During that time, in 1999, she was diagnosed with lymphoma. It was her second bout with cancer -- she had defeated melanoma six years earlier. The diagnosis strengthened her resolve to become a nurse.

"I thought I'd better get this done," she said.

After completing radiation treatments, she hit the books full time. She will earn her bachelor of science in nursing through Oregon Health & Science University's Rural Frontier Delivery (RFD) program delivered by the School of Nursing's La Grande campus. "The RFD program allows me to stay in John Day and get my education here," she said.

Initially, the lectures were delivered online live to a classroom just two miles from her home. Now that funds for the program have been reduced, she watches the lectures on videotape. She was able to do several clinical rotations in John Day and Kennewick, Wash., but the pediatrics and emergency medicine rotations were in Boise, 3 1/2 hours from home.

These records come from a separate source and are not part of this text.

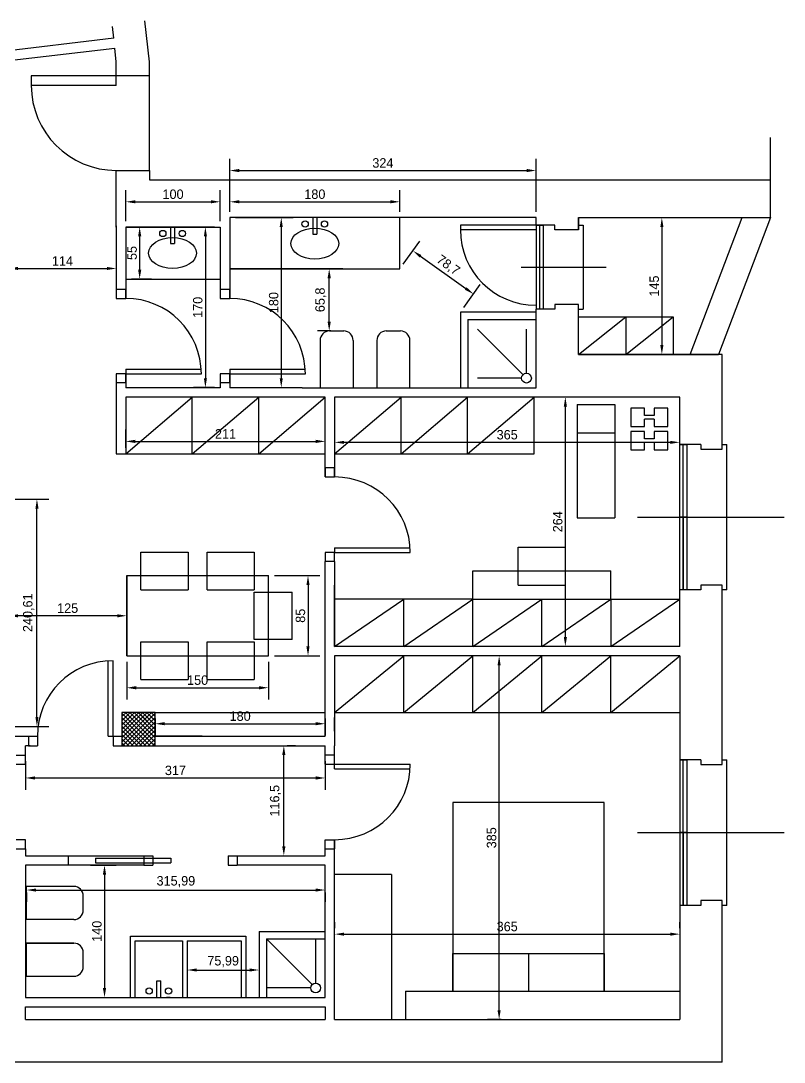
# Model space of a CAD drawing. Header units: millimetres. Extents: x 281 to 428, y 353 to 470.
# Drawn here: x 347.7 to 428.4, y 352.8 to 463 of the extents above; entities that cross this region are included whole.
import ezdxf

# ---------------------------------------------------------------- set-up
doc = ezdxf.new("R2010")
doc.units = ezdxf.units.MM
for name, color, linetype in [('arredi', 6, 'Continuous'), ('finestre', 7, 'Continuous'), ('pianta', 7, 'Continuous'), ('porte', 7, 'Continuous'), ('quote', 3, 'Continuous')]:
    doc.layers.add(name, color=color, linetype=linetype)
doc.dimstyles.new('ISO-25', dxfattribs={"dimtxt": 2.5, "dimasz": 2.5, "dimexe": 1.25, "dimexo": 0.625, "dimtad": 1, "dimtxsty": 'Standard', "dimcen": 2.5, "dimadec": 0, "dimazin": 0, "dimtfac": 1, "dimtmove": 0, "dimatfit": 3, "dimfxl": 1, "dimarcsym": 0})

# ---------------------------------------------------------------- blocks, each defined once
blk = doc.blocks.new('*D13')
at = {"layer": 'Defpoints', "color": 0, "ltscale": 0.01}
for p in [(346.36, 412.37), (349.36, 412.37), (346.36, 388.31)]:
    blk.add_point(p, dxfattribs=at)
at = {"layer": 'quote', "color": 0, "lineweight": -2, "ltscale": 0.01}
for p, q in [((346.98, 412.37), (350.61, 412.37)), ((349.36, 389.31), (349.36, 411.37)), ((346.98, 388.31), (350.61, 388.31))]:
    blk.add_line(p, q, dxfattribs=at)
at = {"layer": 'quote', "color": 0, "ltscale": 0.01}
for points in [[(349.2, 411.37), (349.53, 411.37), (349.36, 412.37)], [(349.2, 389.31), (349.53, 389.31), (349.36, 388.31)]]:
    blk.add_solid(points, dxfattribs=at)
at = {"layer": 'quote', "color": 0, "ltscale": 0.01, "insert": (348.48, 400.34), "char_height": 1, "attachment_point": 5, "rotation": 90}
blk.add_mtext('240,61', dxfattribs=at)
blk = doc.blocks.new('*D14')
at = {"layer": 'Defpoints', "color": 0, "ltscale": 0.01}
for p in [(358.86, 395.77), (373.86, 395.77), (373.86, 392.4)]:
    blk.add_point(p, dxfattribs=at)
at = {"layer": 'quote', "color": 0, "lineweight": -2, "ltscale": 0.01}
for p, q in [((358.86, 395.14), (358.86, 391.15)), ((373.86, 395.14), (373.86, 391.15)), ((359.86, 392.4), (372.86, 392.4))]:
    blk.add_line(p, q, dxfattribs=at)
at = {"layer": 'quote', "color": 0, "ltscale": 0.01}
for points in [[(359.86, 392.57), (359.86, 392.23), (358.86, 392.4)], [(372.86, 392.57), (372.86, 392.23), (373.86, 392.4)]]:
    blk.add_solid(points, dxfattribs=at)
at = {"layer": 'quote', "color": 0, "ltscale": 0.01, "insert": (366.36, 393.2), "char_height": 1, "attachment_point": 5}
blk.add_mtext('150', dxfattribs=at)
blk = doc.blocks.new('*D15')
at = {"layer": 'Defpoints', "color": 0, "ltscale": 0.01}
for p in [(373.86, 404.27), (373.86, 395.77), (378.04, 395.77)]:
    blk.add_point(p, dxfattribs=at)
at = {"layer": 'quote', "color": 0, "lineweight": -2, "ltscale": 0.01}
for p, q in [((374.48, 404.27), (379.29, 404.27)), ((378.04, 403.27), (378.04, 396.77)), ((374.48, 395.77), (379.29, 395.77))]:
    blk.add_line(p, q, dxfattribs=at)
at = {"layer": 'quote', "color": 0, "ltscale": 0.01}
for points in [[(377.87, 403.27), (378.2, 403.27), (378.04, 404.27)], [(377.87, 396.77), (378.2, 396.77), (378.04, 395.77)]]:
    blk.add_solid(points, dxfattribs=at)
at = {"layer": 'quote', "color": 0, "ltscale": 0.01, "insert": (377.24, 400.02), "char_height": 1, "attachment_point": 5, "rotation": 90}
blk.add_mtext('85', dxfattribs=at)
blk = doc.blocks.new('*D16')
at = {"layer": 'Defpoints', "color": 0, "ltscale": 0.01}
for p in [(361.86, 389.77), (379.86, 389.77), (379.86, 388.59)]:
    blk.add_point(p, dxfattribs=at)
at = {"layer": 'quote', "color": 0, "lineweight": -2, "ltscale": 0.01}
for p, q in [((361.86, 389.14), (361.86, 387.34)), ((379.86, 389.14), (379.86, 387.34)), ((362.86, 388.59), (378.86, 388.59))]:
    blk.add_line(p, q, dxfattribs=at)
at = {"layer": 'quote', "color": 0, "ltscale": 0.01}
for points in [[(362.86, 388.76), (362.86, 388.43), (361.86, 388.59)], [(378.86, 388.76), (378.86, 388.43), (379.86, 388.59)]]:
    blk.add_solid(points, dxfattribs=at)
at = {"layer": 'quote', "color": 0, "ltscale": 0.01, "insert": (370.86, 389.39), "char_height": 1, "attachment_point": 5}
blk.add_mtext('180', dxfattribs=at)
blk = doc.blocks.new('*D17')
at = {"layer": 'Defpoints', "color": 0, "ltscale": 0.01}
for p in [(379.86, 418.48), (358.76, 417.17), (379.86, 417.17)]:
    blk.add_point(p, dxfattribs=at)
at = {"layer": 'quote', "color": 0, "lineweight": -2, "ltscale": 0.01}
for p, q in [((358.76, 417.79), (358.76, 419.73)), ((379.86, 417.79), (379.86, 419.73)), ((359.76, 418.48), (378.86, 418.48))]:
    blk.add_line(p, q, dxfattribs=at)
at = {"layer": 'quote', "color": 0, "ltscale": 0.01}
for points in [[(359.76, 418.65), (359.76, 418.31), (358.76, 418.48)], [(378.86, 418.65), (378.86, 418.31), (379.86, 418.48)]]:
    blk.add_solid(points, dxfattribs=at)
at = {"layer": 'quote', "color": 0, "ltscale": 0.01, "insert": (369.31, 419.28), "char_height": 1, "attachment_point": 5}
blk.add_mtext('211', dxfattribs=at)
blk = doc.blocks.new('*D18')
at = {"layer": 'Defpoints', "color": 0, "ltscale": 0.01}
for p in [(346.36, 441.94), (357.76, 441.94), (357.76, 436.78)]:
    blk.add_point(p, dxfattribs=at)
at = {"layer": 'quote', "color": 0, "lineweight": -2, "ltscale": 0.01}
for p, q in [((346.36, 441.31), (346.36, 435.53)), ((357.76, 441.31), (357.76, 435.53)), ((347.36, 436.78), (356.76, 436.78))]:
    blk.add_line(p, q, dxfattribs=at)
at = {"layer": 'quote', "color": 0, "ltscale": 0.01}
for points in [[(347.36, 436.95), (347.36, 436.62), (346.36, 436.78)], [(356.76, 436.95), (356.76, 436.62), (357.76, 436.78)]]:
    blk.add_solid(points, dxfattribs=at)
at = {"layer": 'quote', "color": 0, "ltscale": 0.01, "insert": (352.06, 437.58), "char_height": 1, "attachment_point": 5}
blk.add_mtext('114', dxfattribs=at)
blk = doc.blocks.new('*D19')
at = {"layer": 'Defpoints', "color": 0, "ltscale": 0.01}
for p in [(368.76, 443.84), (358.76, 441.17), (368.76, 441.17)]:
    blk.add_point(p, dxfattribs=at)
at = {"layer": 'quote', "color": 0, "lineweight": -2, "ltscale": 0.01}
for p, q in [((358.76, 441.79), (358.76, 445.09)), ((368.76, 441.79), (368.76, 445.09)), ((359.76, 443.84), (367.76, 443.84))]:
    blk.add_line(p, q, dxfattribs=at)
at = {"layer": 'quote', "color": 0, "ltscale": 0.01}
for points in [[(359.76, 444.01), (359.76, 443.68), (358.76, 443.84)], [(367.76, 444.01), (367.76, 443.68), (368.76, 443.84)]]:
    blk.add_solid(points, dxfattribs=at)
at = {"layer": 'quote', "color": 0, "ltscale": 0.01, "insert": (363.76, 444.64), "char_height": 1, "attachment_point": 5}
blk.add_mtext('100', dxfattribs=at)
blk = doc.blocks.new('*D20')
at = {"layer": 'Defpoints', "color": 0, "ltscale": 0.01}
for p in [(358.76, 441.17), (360.23, 441.17), (358.76, 435.67)]:
    blk.add_point(p, dxfattribs=at)
at = {"layer": 'quote', "color": 0, "lineweight": -2, "ltscale": 0.01}
for p, q in [((359.38, 441.17), (361.48, 441.17)), ((360.23, 436.67), (360.23, 440.17)), ((359.38, 435.67), (361.48, 435.67))]:
    blk.add_line(p, q, dxfattribs=at)
at = {"layer": 'quote', "color": 0, "ltscale": 0.01}
for points in [[(360.06, 440.17), (360.4, 440.17), (360.23, 441.17)], [(360.06, 436.67), (360.4, 436.67), (360.23, 435.67)]]:
    blk.add_solid(points, dxfattribs=at)
at = {"layer": 'quote', "color": 0, "ltscale": 0.01, "insert": (359.43, 438.42), "char_height": 1, "attachment_point": 5, "rotation": 90}
blk.add_mtext('55', dxfattribs=at)
blk = doc.blocks.new('*D21')
at = {"layer": 'Defpoints', "color": 0, "ltscale": 0.01}
for p in [(387.76, 443.84), (369.76, 442.17), (387.76, 442.17)]:
    blk.add_point(p, dxfattribs=at)
at = {"layer": 'quote', "color": 0, "lineweight": -2, "ltscale": 0.01}
for p, q in [((369.76, 442.79), (369.76, 445.09)), ((387.76, 442.79), (387.76, 445.09)), ((370.76, 443.84), (386.76, 443.84))]:
    blk.add_line(p, q, dxfattribs=at)
at = {"layer": 'quote', "color": 0, "ltscale": 0.01}
for points in [[(370.76, 444.01), (370.76, 443.68), (369.76, 443.84)], [(386.76, 444.01), (386.76, 443.68), (387.76, 443.84)]]:
    blk.add_solid(points, dxfattribs=at)
at = {"layer": 'quote', "color": 0, "ltscale": 0.01, "insert": (378.76, 444.64), "char_height": 1, "attachment_point": 5}
blk.add_mtext('180', dxfattribs=at)
blk = doc.blocks.new('*D22')
at = {"layer": 'Defpoints', "color": 0, "ltscale": 0.01}
for p in [(402.16, 447.15), (369.76, 442.17), (402.16, 442.17)]:
    blk.add_point(p, dxfattribs=at)
at = {"layer": 'quote', "color": 0, "lineweight": -2, "ltscale": 0.01}
for p, q in [((369.76, 442.79), (369.76, 448.4)), ((402.16, 442.79), (402.16, 448.4)), ((370.76, 447.15), (401.16, 447.15))]:
    blk.add_line(p, q, dxfattribs=at)
at = {"layer": 'quote', "color": 0, "ltscale": 0.01}
for points in [[(370.76, 447.32), (370.76, 446.98), (369.76, 447.15)], [(401.16, 447.32), (401.16, 446.98), (402.16, 447.15)]]:
    blk.add_solid(points, dxfattribs=at)
at = {"layer": 'quote', "color": 0, "ltscale": 0.01, "insert": (385.96, 447.95), "char_height": 1, "attachment_point": 5}
blk.add_mtext('324', dxfattribs=at)
blk = doc.blocks.new('*D23')
at = {"layer": 'Defpoints', "color": 0, "ltscale": 0.01}
for p in [(369.76, 442.17), (369.76, 424.17), (375.21, 424.17)]:
    blk.add_point(p, dxfattribs=at)
at = {"layer": 'quote', "color": 0, "lineweight": -2, "ltscale": 0.01}
for p, q in [((370.38, 442.17), (376.46, 442.17)), ((375.21, 441.17), (375.21, 425.17)), ((370.38, 424.17), (376.46, 424.17))]:
    blk.add_line(p, q, dxfattribs=at)
at = {"layer": 'quote', "color": 0, "ltscale": 0.01}
for points in [[(375.04, 441.17), (375.37, 441.17), (375.21, 442.17)], [(375.04, 425.17), (375.37, 425.17), (375.21, 424.17)]]:
    blk.add_solid(points, dxfattribs=at)
at = {"layer": 'quote', "color": 0, "ltscale": 0.01, "insert": (374.41, 433.17), "char_height": 1, "attachment_point": 5, "rotation": 90}
blk.add_mtext('180', dxfattribs=at)
blk = doc.blocks.new('*D24')
at = {"layer": 'Defpoints', "color": 0, "ltscale": 0.01}
for p in [(368.76, 441.17), (367.18, 424.17), (368.76, 424.17)]:
    blk.add_point(p, dxfattribs=at)
at = {"layer": 'quote', "color": 0, "lineweight": -2, "ltscale": 0.01}
for p, q in [((368.13, 441.17), (365.93, 441.17)), ((367.18, 440.17), (367.18, 425.17)), ((368.13, 424.17), (365.93, 424.17))]:
    blk.add_line(p, q, dxfattribs=at)
at = {"layer": 'quote', "color": 0, "ltscale": 0.01}
for points in [[(367.02, 440.17), (367.35, 440.17), (367.18, 441.17)], [(367.02, 425.17), (367.35, 425.17), (367.18, 424.17)]]:
    blk.add_solid(points, dxfattribs=at)
at = {"layer": 'quote', "color": 0, "ltscale": 0.01, "insert": (366.38, 432.67), "char_height": 1, "attachment_point": 5, "rotation": 90}
blk.add_mtext('170', dxfattribs=at)
blk = doc.blocks.new('*D25')
at = {"layer": 'Defpoints', "color": 0, "ltscale": 0.01}
for p in [(380.28, 436.75), (381.07, 436.75), (381.07, 430.17)]:
    blk.add_point(p, dxfattribs=at)
at = {"layer": 'quote', "color": 0, "lineweight": -2, "ltscale": 0.01}
for p, q in [((380.44, 436.75), (379.03, 436.75)), ((380.28, 431.17), (380.28, 435.75)), ((380.44, 430.17), (379.03, 430.17))]:
    blk.add_line(p, q, dxfattribs=at)
at = {"layer": 'quote', "color": 0, "ltscale": 0.01}
for points in [[(380.11, 435.75), (380.45, 435.75), (380.28, 436.75)], [(380.11, 431.17), (380.45, 431.17), (380.28, 430.17)]]:
    blk.add_solid(points, dxfattribs=at)
at = {"layer": 'quote', "color": 0, "ltscale": 0.01, "insert": (379.4, 433.46), "char_height": 1, "attachment_point": 5, "rotation": 90}
blk.add_mtext('65,8', dxfattribs=at)
blk = doc.blocks.new('*D26')
at = {"layer": 'Defpoints', "color": 0, "ltscale": 0.01}
for p in [(387.76, 436.75), (395.53, 434.08), (394.16, 432.17)]:
    blk.add_point(p, dxfattribs=at)
at = {"layer": 'quote', "color": 0, "lineweight": -2, "ltscale": 0.01}
for p, q in [((388.12, 437.25), (389.86, 439.68)), ((389.94, 438.08), (394.72, 434.66)), ((394.52, 432.67), (396.26, 435.1))]:
    blk.add_line(p, q, dxfattribs=at)
at = {"layer": 'quote', "color": 0, "ltscale": 0.01}
for points in [[(390.04, 438.21), (389.84, 437.94), (389.13, 438.66)], [(394.81, 434.8), (394.62, 434.53), (395.53, 434.08)]]:
    blk.add_solid(points, dxfattribs=at)
at = {"layer": 'quote', "color": 0, "ltscale": 0.01, "insert": (392.84, 437.09), "char_height": 1, "attachment_point": 5, "rotation": 324.4123}
blk.add_mtext('78,7', dxfattribs=at)
blk = doc.blocks.new('*D27')
at = {"layer": 'Defpoints', "color": 0, "ltscale": 0.01}
for p in [(415.31, 442.17), (415.31, 427.67), (415.47, 427.67)]:
    blk.add_point(p, dxfattribs=at)
at = {"layer": 'quote', "color": 0, "lineweight": -2, "ltscale": 0.01}
for p, q in [((415.93, 442.17), (416.72, 442.17)), ((415.47, 441.17), (415.47, 428.67)), ((415.93, 427.67), (416.72, 427.67))]:
    blk.add_line(p, q, dxfattribs=at)
at = {"layer": 'quote', "color": 0, "ltscale": 0.01}
for points in [[(415.31, 441.17), (415.64, 441.17), (415.47, 442.17)], [(415.31, 428.67), (415.64, 428.67), (415.47, 427.67)]]:
    blk.add_solid(points, dxfattribs=at)
at = {"layer": 'quote', "color": 0, "ltscale": 0.01, "insert": (414.67, 434.92), "char_height": 1, "attachment_point": 5, "rotation": 90}
blk.add_mtext('145', dxfattribs=at)
blk = doc.blocks.new('*D28')
at = {"layer": 'Defpoints', "color": 0, "ltscale": 0.01}
for p in [(380.86, 418.38), (417.36, 418.38), (417.36, 418.38)]:
    blk.add_point(p, dxfattribs=at)
at = {"layer": 'quote', "color": 0, "lineweight": -2, "ltscale": 0.01}
for p, q in [((380.86, 419), (380.86, 419.63)), ((417.36, 419), (417.36, 419.63)), ((381.86, 418.38), (416.36, 418.38))]:
    blk.add_line(p, q, dxfattribs=at)
at = {"layer": 'quote', "color": 0, "ltscale": 0.01}
for points in [[(381.86, 418.54), (381.86, 418.21), (380.86, 418.38)], [(416.36, 418.54), (416.36, 418.21), (417.36, 418.38)]]:
    blk.add_solid(points, dxfattribs=at)
at = {"layer": 'quote', "color": 0, "ltscale": 0.01, "insert": (399.11, 419.18), "char_height": 1, "attachment_point": 5}
blk.add_mtext('365', dxfattribs=at)
blk = doc.blocks.new('*D29')
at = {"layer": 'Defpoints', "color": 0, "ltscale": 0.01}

In nursing she has found the challenges she was missing in her previous work. For example, she recently testified before the Oregon Senate on behalf of a bill to provide more money for education.

Westmoreland has a job lined up with Blue Mountain Hospital in John Day. She loves rural nursing.

"You have to be a generalist: emergency room, med/surg, intensive care, obstetrics," she said. "Generally there are only two nurses on a shift. You don't have any idea what's going to come in the door, and you need to be able to give care in all areas."

At 38, she does not regret having waited to complete her education. "I was not interested in going to school when I was younger," she said. "As I've gotten older, I've realized I wasn't challenged at all and I want to do more with my life, so it's pretty exciting for me."

Best of all, she's in excellent health.